*** Opening of DATA EXTRACTS ***
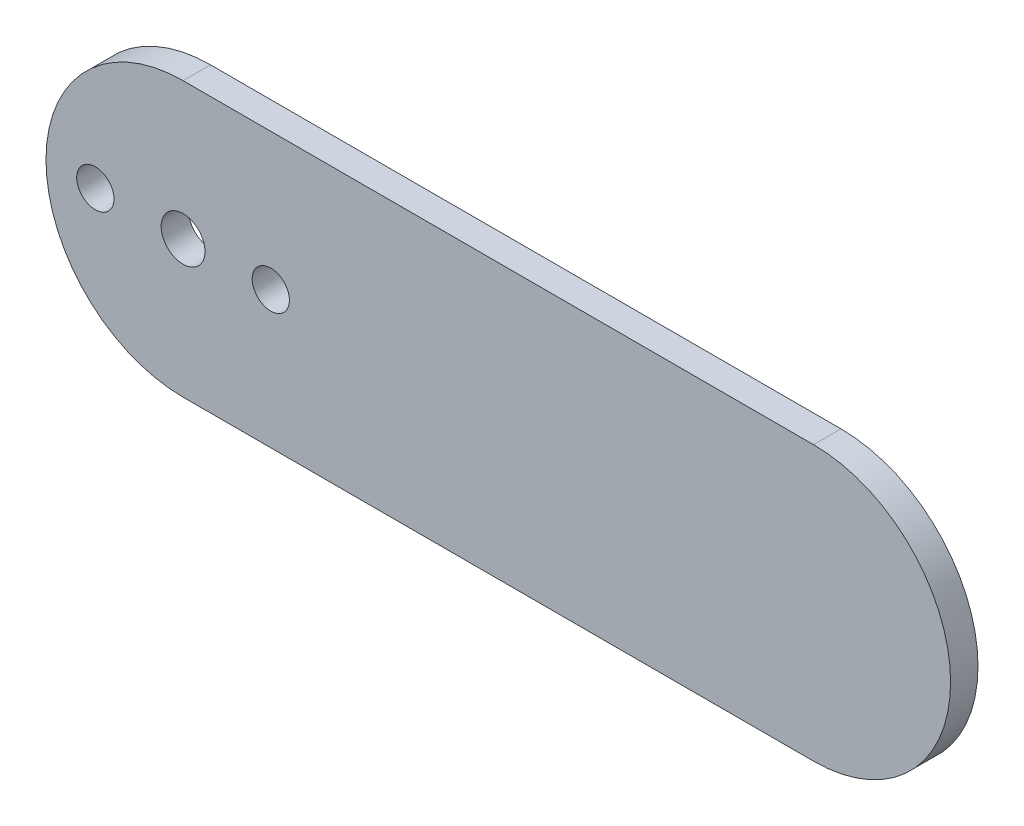
SolidWorks part; units mm, degrees
material "PPE"
ref_plane "Front Plane" through (0, 0, 0) normal (0, 0, 1) x (1, 0, 0)
ref_plane "Top Plane" through (0, 0, 0) normal (0, 1, 0) x (1, 0, 0)
ref_plane "Right Plane" through (0, 0, 0) normal (1, 0, 0) x (0, 0, -1)
sketch "Sketch2" plane through (0, 0, 0) normal (0, 0, 1) x (1, 0, 0)
  line L0 (0, 0) -> (115, 0) construction
  line L1 (0, 25) -> (115, 25)
  line L2 (0, -25) -> (115, -25)
  arc A0 (0, 25) -> (0, -25) centre (0, 0) ccw
  arc A1 (115, -25) -> (115, 25) centre (115, 0) ccw
  circle A2 centre (0, 0) radius 4
  circle A3 centre (16, 0) radius 3.4
  circle A4 centre (-16, 0) radius 3.4
  point P3 (57.5, 0)
  dimension "D3" = 8
  dimension "D4" = 6.8
  dimension "D5" = 6.8
  dimension "D6" = 16
  dimension "D7" = 16
  dimension "D1" = 115
  dimension "D2" = 50
extrude "Boss-Extrude1" add sketch "Sketch2" along normal mid plane 5
*** Close of DATA EXTRACTS ***
ACTIVITY →
Your copy should match every record exactly and contain no pictures.

RESULT OF THE TASK →
SolidWorks part; units mm, degrees
material "PPE"
ref_plane "Front Plane" through (0, 0, 0) normal (0, 0, 1) x (1, 0, 0)
ref_plane "Top Plane" through (0, 0, 0) normal (0, 1, 0) x (1, 0, 0)
ref_plane "Right Plane" through (0, 0, 0) normal (1, 0, 0) x (0, 0, -1)
sketch "Sketch2" plane through (0, 0, 0) normal (0, 0, 1) x (1, 0, 0)
  line L0 (0, 0) -> (115, 0) construction
  line L1 (0, 25) -> (115, 25)
  line L2 (0, -25) -> (115, -25)
  arc A0 (0, 25) -> (0, -25) centre (0, 0) ccw
  arc A1 (115, -25) -> (115, 25) centre (115, 0) ccw
  circle A2 centre (0, 0) radius 4
  circle A3 centre (16, 0) radius 3.4
  circle A4 centre (-16, 0) radius 3.4
  point P3 (57.5, 0)
  dimension "D3" = 8
  dimension "D4" = 6.8
  dimension "D5" = 6.8
  dimension "D6" = 16
  dimension "D7" = 16
  dimension "D1" = 115
  dimension "D2" = 50
extrude "Boss-Extrude1" add sketch "Sketch2" along normal mid plane 5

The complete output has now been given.